## [Task details]
Locate every line in the records below that holds the word "linetype" and return each one.

## [Data]
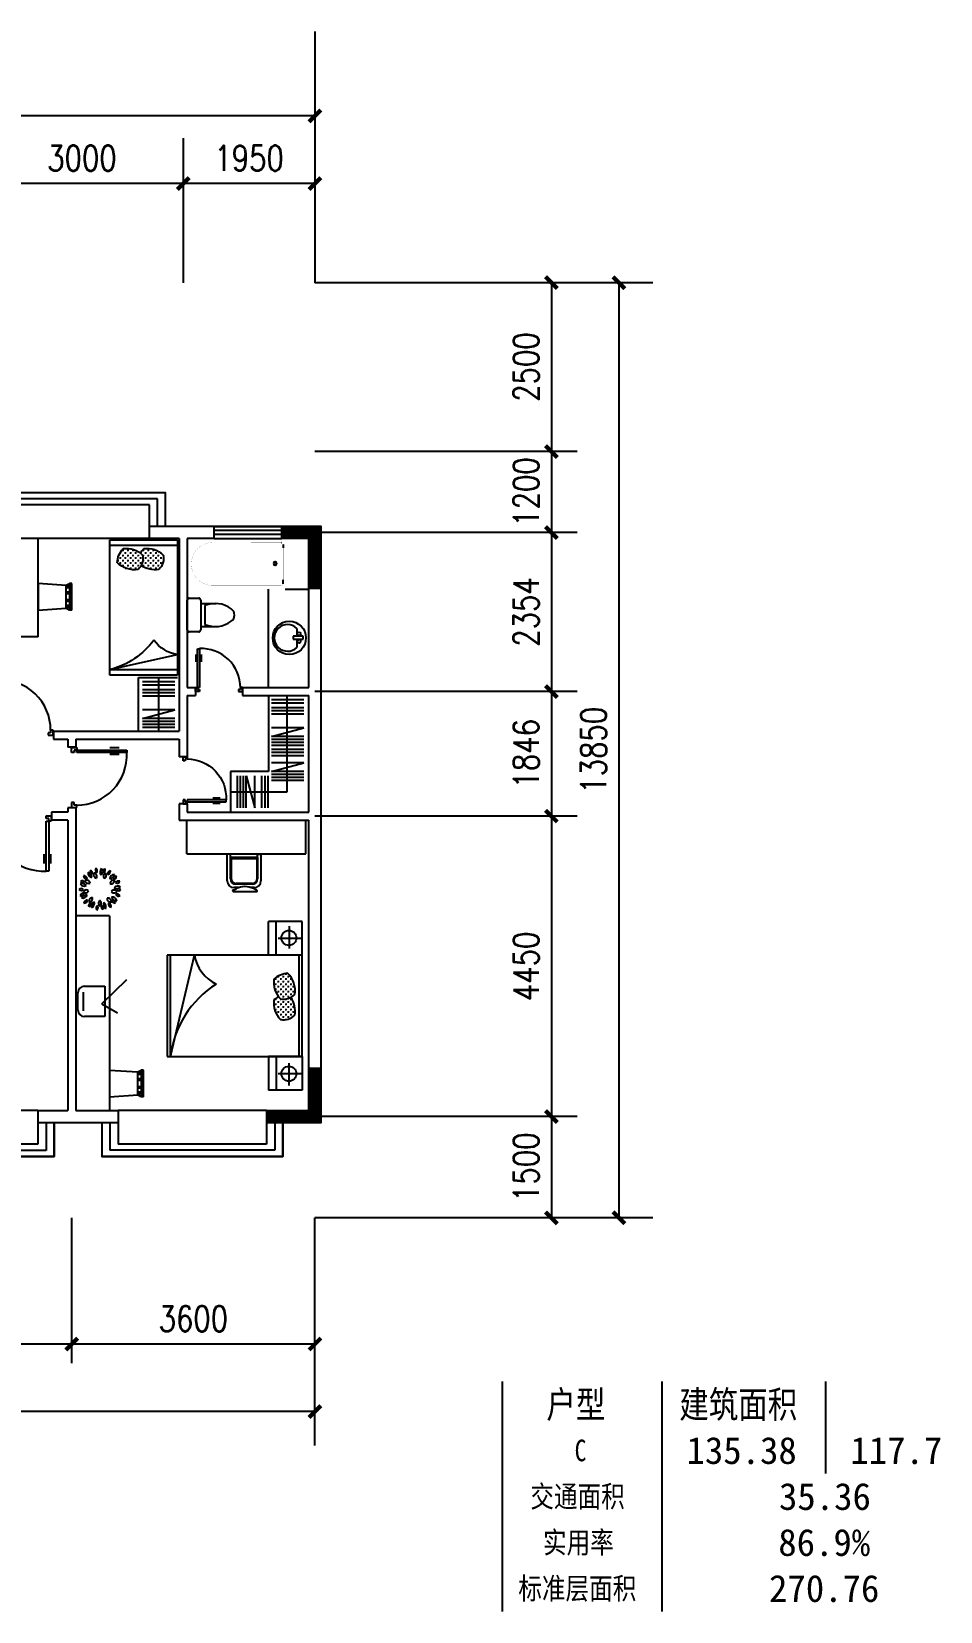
# Model space of a CAD drawing. Header units: millimetres. Extents: x 1245 to 40503, y 543 to 27982.
# Drawn here: x 27050 to 40503, y 4584 to 27982 of the extents above; entities that cross this region are included whole.
import ezdxf
from ezdxf.enums import TextEntityAlignment as Align

# ---------------------------------------------------------------- set-up
doc = ezdxf.new("R2010")
doc.units = ezdxf.units.MM
for name, color, linetype in [('AXIS', 3, 'Continuous'), ('J', 7, 'Continuous'), ('PUB_TEXT', 7, 'Continuous'), ('TOILET', 7, 'Continuous'), ('W', 2, 'Continuous'), ('WALL', 4, 'Continuous'), ('WC', 10, 'Continuous'), ('WINDOW', 5, 'Continuous'), ('WINDOW_TEXT', 7, 'Continuous'), ('ZHU', 1, 'Continuous'), ('轮廓线', 240, 'Continuous')]:
    doc.layers.add(name, color=color, linetype=linetype)
doc.styles.add('-黑体', font='simhei.ttf')
doc.styles.add('DIM_FONT', font='SIMPLEX.shx', dxfattribs={"width": 0.8})
doc.styles.add('SIMPLEX', font='SIMPLEX.SHX')
doc.styles.get("Standard").update_dxf_attribs({"font": 'arial.ttf'})
doc.dimstyles.new('AXIS125', dxfattribs={"dimscale": 1.25, "dimtxt": 300, "dimasz": 1, "dimexe": 250, "dimexo": 300, "dimgap": 150, "dimtad": 1, "dimdec": 0, "dimzin": 0, "dimdsep": 46, "dimtxsty": 'DIM_FONT', "dimblk": '_DIMX', "dimcen": 0, "dimse1": 1, "dimse2": 1, "dimclrt": 7, "dimadec": 0, "dimazin": 0, "dimtfac": 1, "dimtdec": 0, "dimtix": 1, "dimtmove": 2, "dimatfit": 3, "dimldrblk": '_DIMX', "dimfxl": 1, "dimtolj": 1, "dimtzin": 0, "dimarcsym": 0})

# ---------------------------------------------------------------- blocks, each defined once
blk = doc.blocks.new('_DIMX')
at = {"const_width": 50}
blk.add_lwpolyline([(-70, -70), (70, 70)], dxfattribs=at)
blk = doc.blocks.new('*D64')
at = {"layer": 'AXIS', "color": 0, "lineweight": -2, "transparency": 16777216}
blk.add_line((35745, 24262), (35745, 10414), dxfattribs=at)
at = {"layer": 'DEFPOINTS', "color": 0, "transparency": 16777216}
for p in [(31245, 24263), (31245, 10413), (35745, 10413)]:
    blk.add_point(p, dxfattribs=at)
at = {"layer": 'AXIS', "color": 0, "lineweight": -2, "transparency": 16777216, "xscale": 1.25, "yscale": 1.25, "zscale": 1.25}
for p, rotation in [((35745, 24263), 90), ((35745, 10413), 270)]:
    blk.add_blockref('_DIMX', p, dxfattribs=dict(at, rotation=rotation))
at = {"layer": 'AXIS', "color": 7, "transparency": 16777216, "insert": (35370, 17338), "char_height": 375, "attachment_point": 5, "rotation": 90, "style": 'DIM_FONT'}
blk.add_mtext('\\A1;13850', dxfattribs=at)
blk = doc.blocks.new('*D65')
at = {"layer": 'AXIS', "color": 0, "lineweight": -2, "transparency": 16777216}
blk.add_line((34745, 11912), (34745, 10414), dxfattribs=at)
at = {"layer": 'DEFPOINTS', "color": 0, "transparency": 16777216}
for p in [(31245, 11913), (31245, 10413), (34745, 10413)]:
    blk.add_point(p, dxfattribs=at)
at = {"layer": 'AXIS', "color": 0, "lineweight": -2, "transparency": 16777216, "xscale": 1.25, "yscale": 1.25, "zscale": 1.25}
for p, rotation in [((34745, 11913), 90), ((34745, 10413), 270)]:
    blk.add_blockref('_DIMX', p, dxfattribs=dict(at, rotation=rotation))
at = {"layer": 'AXIS', "color": 7, "transparency": 16777216, "insert": (34370, 11163), "char_height": 375, "attachment_point": 5, "rotation": 90, "style": 'DIM_FONT'}
blk.add_mtext('\\A1;1500', dxfattribs=at)
blk = doc.blocks.new('*D66')
at = {"layer": 'AXIS', "color": 0, "lineweight": -2, "transparency": 16777216}
blk.add_line((34745, 16362), (34745, 11914), dxfattribs=at)
at = {"layer": 'DEFPOINTS', "color": 0, "transparency": 16777216}
for p in [(31245, 16363), (31245, 11913), (34745, 11913)]:
    blk.add_point(p, dxfattribs=at)
at = {"layer": 'AXIS', "color": 0, "lineweight": -2, "transparency": 16777216, "xscale": 1.25, "yscale": 1.25, "zscale": 1.25}
for p, rotation in [((34745, 16363), 90), ((34745, 11913), 270)]:
    blk.add_blockref('_DIMX', p, dxfattribs=dict(at, rotation=rotation))
at = {"layer": 'AXIS', "color": 7, "transparency": 16777216, "insert": (34370, 14138), "char_height": 375, "attachment_point": 5, "rotation": 90, "style": 'DIM_FONT'}
blk.add_mtext('\\A1;4450', dxfattribs=at)
blk = doc.blocks.new('*D67')
at = {"layer": 'AXIS', "color": 0, "lineweight": -2, "transparency": 16777216}
blk.add_line((34745, 18207), (34745, 16364), dxfattribs=at)
at = {"layer": 'DEFPOINTS', "color": 0, "transparency": 16777216}
for p in [(31245, 18208), (31245, 16363), (34745, 16363)]:
    blk.add_point(p, dxfattribs=at)
at = {"layer": 'AXIS', "color": 0, "lineweight": -2, "transparency": 16777216, "xscale": 1.25, "yscale": 1.25, "zscale": 1.25}
for p, rotation in [((34745, 18208), 90), ((34745, 16363), 270)]:
    blk.add_blockref('_DIMX', p, dxfattribs=dict(at, rotation=rotation))
at = {"layer": 'AXIS', "color": 7, "transparency": 16777216, "insert": (34370, 17286), "char_height": 375, "attachment_point": 5, "rotation": 90, "style": 'DIM_FONT'}
blk.add_mtext('\\A1;1846', dxfattribs=at)
blk = doc.blocks.new('*D68')
at = {"layer": 'AXIS', "color": 0, "lineweight": -2, "transparency": 16777216}
blk.add_line((34745, 20562), (34745, 18210), dxfattribs=at)
at = {"layer": 'DEFPOINTS', "color": 0, "transparency": 16777216}
for p in [(31245, 20563), (31245, 18208), (34745, 18208)]:
    blk.add_point(p, dxfattribs=at)
at = {"layer": 'AXIS', "color": 0, "lineweight": -2, "transparency": 16777216, "xscale": 1.25, "yscale": 1.25, "zscale": 1.25}
for p, rotation in [((34745, 20563), 90), ((34745, 18208), 270)]:
    blk.add_blockref('_DIMX', p, dxfattribs=dict(at, rotation=rotation))
at = {"layer": 'AXIS', "color": 7, "transparency": 16777216, "insert": (34370, 19386), "char_height": 375, "attachment_point": 5, "rotation": 90, "style": 'DIM_FONT'}
blk.add_mtext('\\A1;2354', dxfattribs=at)
blk = doc.blocks.new('*D69')
at = {"layer": 'AXIS', "color": 0, "lineweight": -2, "transparency": 16777216}
for p, q in [((34745, 21764), (34745, 21765)), ((34745, 21763), (34745, 20563)), ((34745, 20562), (34745, 20560))]:
    blk.add_line(p, q, dxfattribs=at)
at = {"layer": 'DEFPOINTS', "color": 0, "transparency": 16777216}
for p in [(31245, 21763), (31245, 20563), (34745, 20563)]:
    blk.add_point(p, dxfattribs=at)
at = {"layer": 'AXIS', "color": 0, "lineweight": -2, "transparency": 16777216, "xscale": 1.25, "yscale": 1.25, "zscale": 1.25}
for p, rotation in [((34745, 21763), 270), ((34745, 20563), 90)]:
    blk.add_blockref('_DIMX', p, dxfattribs=dict(at, rotation=rotation))
at = {"layer": 'AXIS', "color": 7, "transparency": 16777216, "insert": (34370, 21163), "char_height": 375, "attachment_point": 5, "rotation": 90, "style": 'DIM_FONT'}
blk.add_mtext('\\A1;1200', dxfattribs=at)
blk = doc.blocks.new('*D70')
at = {"layer": 'AXIS', "color": 0, "lineweight": -2, "transparency": 16777216}
blk.add_line((34745, 24262), (34745, 21764), dxfattribs=at)
at = {"layer": 'DEFPOINTS', "color": 0, "transparency": 16777216}
for p in [(31245, 24263), (31245, 21763), (34745, 21763)]:
    blk.add_point(p, dxfattribs=at)
at = {"layer": 'AXIS', "color": 0, "lineweight": -2, "transparency": 16777216, "xscale": 1.25, "yscale": 1.25, "zscale": 1.25}
for p, rotation in [((34745, 24263), 90), ((34745, 21763), 270)]:
    blk.add_blockref('_DIMX', p, dxfattribs=dict(at, rotation=rotation))
at = {"layer": 'AXIS', "color": 7, "transparency": 16777216, "insert": (34370, 23013), "char_height": 375, "attachment_point": 5, "rotation": 90, "style": 'DIM_FONT'}
blk.add_mtext('\\A1;2500', dxfattribs=at)
blk = doc.blocks.new('*D78')
at = {"layer": 'AXIS', "color": 0, "lineweight": -2, "transparency": 16777216}
blk.add_line((31243, 7544), (6246, 7544), dxfattribs=at)
at = {"layer": 'DEFPOINTS', "color": 0, "transparency": 16777216}
for p in [(6245, 10413), (31245, 10413), (6245, 7544)]:
    blk.add_point(p, dxfattribs=at)
at = {"layer": 'AXIS', "color": 0, "lineweight": -2, "transparency": 16777216, "xscale": 1.25, "yscale": 1.25, "zscale": 1.25, "rotation": 180}
blk.add_blockref('_DIMX', (6245, 7544), dxfattribs=at)
at = {"layer": 'AXIS', "color": 0, "lineweight": -2, "transparency": 16777216, "xscale": 1.25, "yscale": 1.25, "zscale": 1.25}
blk.add_blockref('_DIMX', (31245, 7544), dxfattribs=at)
at = {"layer": 'AXIS', "color": 7, "transparency": 16777216, "insert": (18745, 7919), "char_height": 375, "attachment_point": 5, "style": 'DIM_FONT'}
blk.add_mtext('\\A1;25000', dxfattribs=at)
blk = doc.blocks.new('*D84')
at = {"layer": 'AXIS', "color": 0, "lineweight": -2, "transparency": 16777216}
blk.add_line((27643, 8544), (24646, 8544), dxfattribs=at)
at = {"layer": 'DEFPOINTS', "color": 0, "transparency": 16777216}
for p in [(24645, 10413), (27645, 10413), (24645, 8544)]:
    blk.add_point(p, dxfattribs=at)
at = {"layer": 'AXIS', "color": 0, "lineweight": -2, "transparency": 16777216, "xscale": 1.25, "yscale": 1.25, "zscale": 1.25, "rotation": 180}
blk.add_blockref('_DIMX', (24645, 8544), dxfattribs=at)
at = {"layer": 'AXIS', "color": 0, "lineweight": -2, "transparency": 16777216, "xscale": 1.25, "yscale": 1.25, "zscale": 1.25}
blk.add_blockref('_DIMX', (27645, 8544), dxfattribs=at)
at = {"layer": 'AXIS', "color": 7, "transparency": 16777216, "insert": (26145, 8919), "char_height": 375, "attachment_point": 5, "style": 'DIM_FONT'}
blk.add_mtext('\\A1;3000', dxfattribs=at)
blk = doc.blocks.new('*D85')
at = {"layer": 'AXIS', "color": 0, "lineweight": -2, "transparency": 16777216}
blk.add_line((31243, 8544), (27646, 8544), dxfattribs=at)
at = {"layer": 'DEFPOINTS', "color": 0, "transparency": 16777216}
for p in [(27645, 10413), (31245, 10413), (27645, 8544)]:
    blk.add_point(p, dxfattribs=at)
at = {"layer": 'AXIS', "color": 0, "lineweight": -2, "transparency": 16777216, "xscale": 1.25, "yscale": 1.25, "zscale": 1.25, "rotation": 180}
blk.add_blockref('_DIMX', (27645, 8544), dxfattribs=at)
at = {"layer": 'AXIS', "color": 0, "lineweight": -2, "transparency": 16777216, "xscale": 1.25, "yscale": 1.25, "zscale": 1.25}
blk.add_blockref('_DIMX', (31245, 8544), dxfattribs=at)
at = {"layer": 'AXIS', "color": 7, "transparency": 16777216, "insert": (29445, 8919), "char_height": 375, "attachment_point": 5, "style": 'DIM_FONT'}
blk.add_mtext('\\A1;3600', dxfattribs=at)
blk = doc.blocks.new('*D86')
at = {"layer": 'AXIS', "color": 0, "lineweight": -2, "transparency": 16777216}
blk.add_line((31243, 26732), (6246, 26732), dxfattribs=at)
at = {"layer": 'DEFPOINTS', "color": 0, "transparency": 16777216}
for p in [(6245, 26732), (6245, 24263), (31245, 24263)]:
    blk.add_point(p, dxfattribs=at)
at = {"layer": 'AXIS', "color": 0, "lineweight": -2, "transparency": 16777216, "xscale": 1.25, "yscale": 1.25, "zscale": 1.25, "rotation": 180}
blk.add_blockref('_DIMX', (6245, 26732), dxfattribs=at)
at = {"layer": 'AXIS', "color": 0, "lineweight": -2, "transparency": 16777216, "xscale": 1.25, "yscale": 1.25, "zscale": 1.25}
blk.add_blockref('_DIMX', (31245, 26732), dxfattribs=at)
at = {"layer": 'AXIS', "color": 7, "transparency": 16777216, "insert": (18745, 27107), "char_height": 375, "attachment_point": 5, "style": 'DIM_FONT'}
blk.add_mtext('\\A1;25000', dxfattribs=at)
blk = doc.blocks.new('*D96')
at = {"layer": 'AXIS', "color": 0, "lineweight": -2, "transparency": 16777216}
blk.add_line((29293, 25732), (26296, 25732), dxfattribs=at)
at = {"layer": 'DEFPOINTS', "color": 0, "transparency": 16777216}
for p in [(26295, 25732), (26295, 24263), (29295, 24263)]:
    blk.add_point(p, dxfattribs=at)
at = {"layer": 'AXIS', "color": 0, "lineweight": -2, "transparency": 16777216, "xscale": 1.25, "yscale": 1.25, "zscale": 1.25, "rotation": 180}
blk.add_blockref('_DIMX', (26295, 25732), dxfattribs=at)
at = {"layer": 'AXIS', "color": 0, "lineweight": -2, "transparency": 16777216, "xscale": 1.25, "yscale": 1.25, "zscale": 1.25}
blk.add_blockref('_DIMX', (29295, 25732), dxfattribs=at)
at = {"layer": 'AXIS', "color": 7, "transparency": 16777216, "insert": (27795, 26107), "char_height": 375, "attachment_point": 5, "style": 'DIM_FONT'}
blk.add_mtext('\\A1;3000', dxfattribs=at)
blk = doc.blocks.new('*D97')
at = {"layer": 'AXIS', "color": 0, "lineweight": -2, "transparency": 16777216}
blk.add_line((31243, 25732), (29296, 25732), dxfattribs=at)
at = {"layer": 'DEFPOINTS', "color": 0, "transparency": 16777216}
for p in [(29295, 25732), (29295, 24263), (31245, 24263)]:
    blk.add_point(p, dxfattribs=at)
at = {"layer": 'AXIS', "color": 0, "lineweight": -2, "transparency": 16777216, "xscale": 1.25, "yscale": 1.25, "zscale": 1.25, "rotation": 180}
blk.add_blockref('_DIMX', (29295, 25732), dxfattribs=at)
at = {"layer": 'AXIS', "color": 0, "lineweight": -2, "transparency": 16777216, "xscale": 1.25, "yscale": 1.25, "zscale": 1.25}
blk.add_blockref('_DIMX', (31245, 25732), dxfattribs=at)
at = {"layer": 'AXIS', "color": 7, "transparency": 16777216, "insert": (30270, 26107), "char_height": 375, "attachment_point": 5, "style": 'DIM_FONT'}
blk.add_mtext('\\A1;1950', dxfattribs=at)
blk = doc.blocks.new('*X11')
at = {"color": 0}
for p, q in [((284817, 2212), (284831, 2212)), ((284822, 2203), (284822, 2222)), ((284850, 2250), (284869, 2250)), ((284850, 2175), (284869, 2175)), ((284859, 2241), (284859, 2259)), ((284859, 2166), (284859, 2184)), ((284859, 2094), (284859, 2109)), ((284888, 2288), (284906, 2288)), ((284888, 2212), (284906, 2212)), ((284888, 2138), (284906, 2138)), ((284897, 2278), (284897, 2297)), ((284897, 2203), (284897, 2222)), ((284897, 2128), (284897, 2147)), ((284925, 2250), (284944, 2250)), ((284925, 2175), (284944, 2175)), ((284933, 2325), (284944, 2325)), ((284934, 2316), (284934, 2326)), ((284934, 2241), (284934, 2259)), ((284934, 2166), (284934, 2184)), ((284934, 2091), (284934, 2109)), ((284962, 2288), (284981, 2288)), ((284962, 2212), (284981, 2212)), ((284962, 2138), (284981, 2138)), ((284972, 2278), (284972, 2297)), ((284972, 2203), (284972, 2222)), ((284972, 2128), (284972, 2147)), ((285000, 2325), (285019, 2325)), ((285000, 2250), (285019, 2250)), ((285000, 2175), (285019, 2175)), ((285009, 2316), (285009, 2334)), ((285009, 2241), (285009, 2259)), ((285009, 2166), (285009, 2184)), ((285009, 2091), (285009, 2109)), ((285038, 2288), (285056, 2288)), ((285038, 2212), (285056, 2212)), ((285038, 2138), (285056, 2138)), ((285047, 2278), (285047, 2297)), ((285047, 2203), (285047, 2222)), ((285047, 2128), (285047, 2147)), ((285075, 2325), (285094, 2325)), ((285075, 2250), (285094, 2250)), ((285075, 2175), (285094, 2175)), ((285084, 2316), (285084, 2334)), ((285084, 2241), (285084, 2259)), ((285084, 2166), (285084, 2184)), ((285084, 2091), (285084, 2109)), ((285112, 2288), (285131, 2288)), ((285112, 2212), (285131, 2212)), ((285112, 2138), (285131, 2138)), ((285122, 2278), (285122, 2297)), ((285122, 2203), (285122, 2222)), ((285122, 2128), (285122, 2147)), ((285150, 2250), (285169, 2250)), ((285150, 2175), (285169, 2175)), ((285159, 2241), (285159, 2259)), ((285159, 2166), (285159, 2184)), ((285159, 2106), (285159, 2109)), ((285188, 2288), (285206, 2288)), ((285188, 2212), (285206, 2212)), ((285188, 2138), (285206, 2138)), ((285197, 2278), (285197, 2297)), ((285197, 2203), (285197, 2222)), ((285197, 2128), (285197, 2147)), ((285225, 2250), (285244, 2250)), ((285225, 2175), (285244, 2175)), ((285234, 2316), (285234, 2323)), ((285234, 2241), (285234, 2259)), ((285234, 2166), (285234, 2184)), ((285234, 2091), (285234, 2109)), ((285240, 2325), (285244, 2325)), ((285262, 2288), (285281, 2288)), ((285262, 2212), (285281, 2212)), ((285262, 2138), (285281, 2138)), ((285272, 2278), (285272, 2297)), ((285272, 2203), (285272, 2222)), ((285272, 2128), (285272, 2147)), ((285300, 2325), (285319, 2325)), ((285300, 2250), (285319, 2250)), ((285300, 2175), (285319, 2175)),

## [Result of the task]
for name, color, linetype in [('AXIS', 3, 'Continuous'), ('J', 7, 'Continuous'), ('PUB_TEXT', 7, 'Continuous'), ('TOILET', 7, 'Continuous'), ('W', 2, 'Continuous'), ('WALL', 4, 'Continuous'), ('WC', 10, 'Continuous'), ('WINDOW', 5, 'Continuous'), ('WINDOW_TEXT', 7, 'Continuous'), ('ZHU', 1, 'Continuous'), ('轮廓线', 240, 'Continuous')]:
    doc.layers.add(name, color=color, linetype=linetype)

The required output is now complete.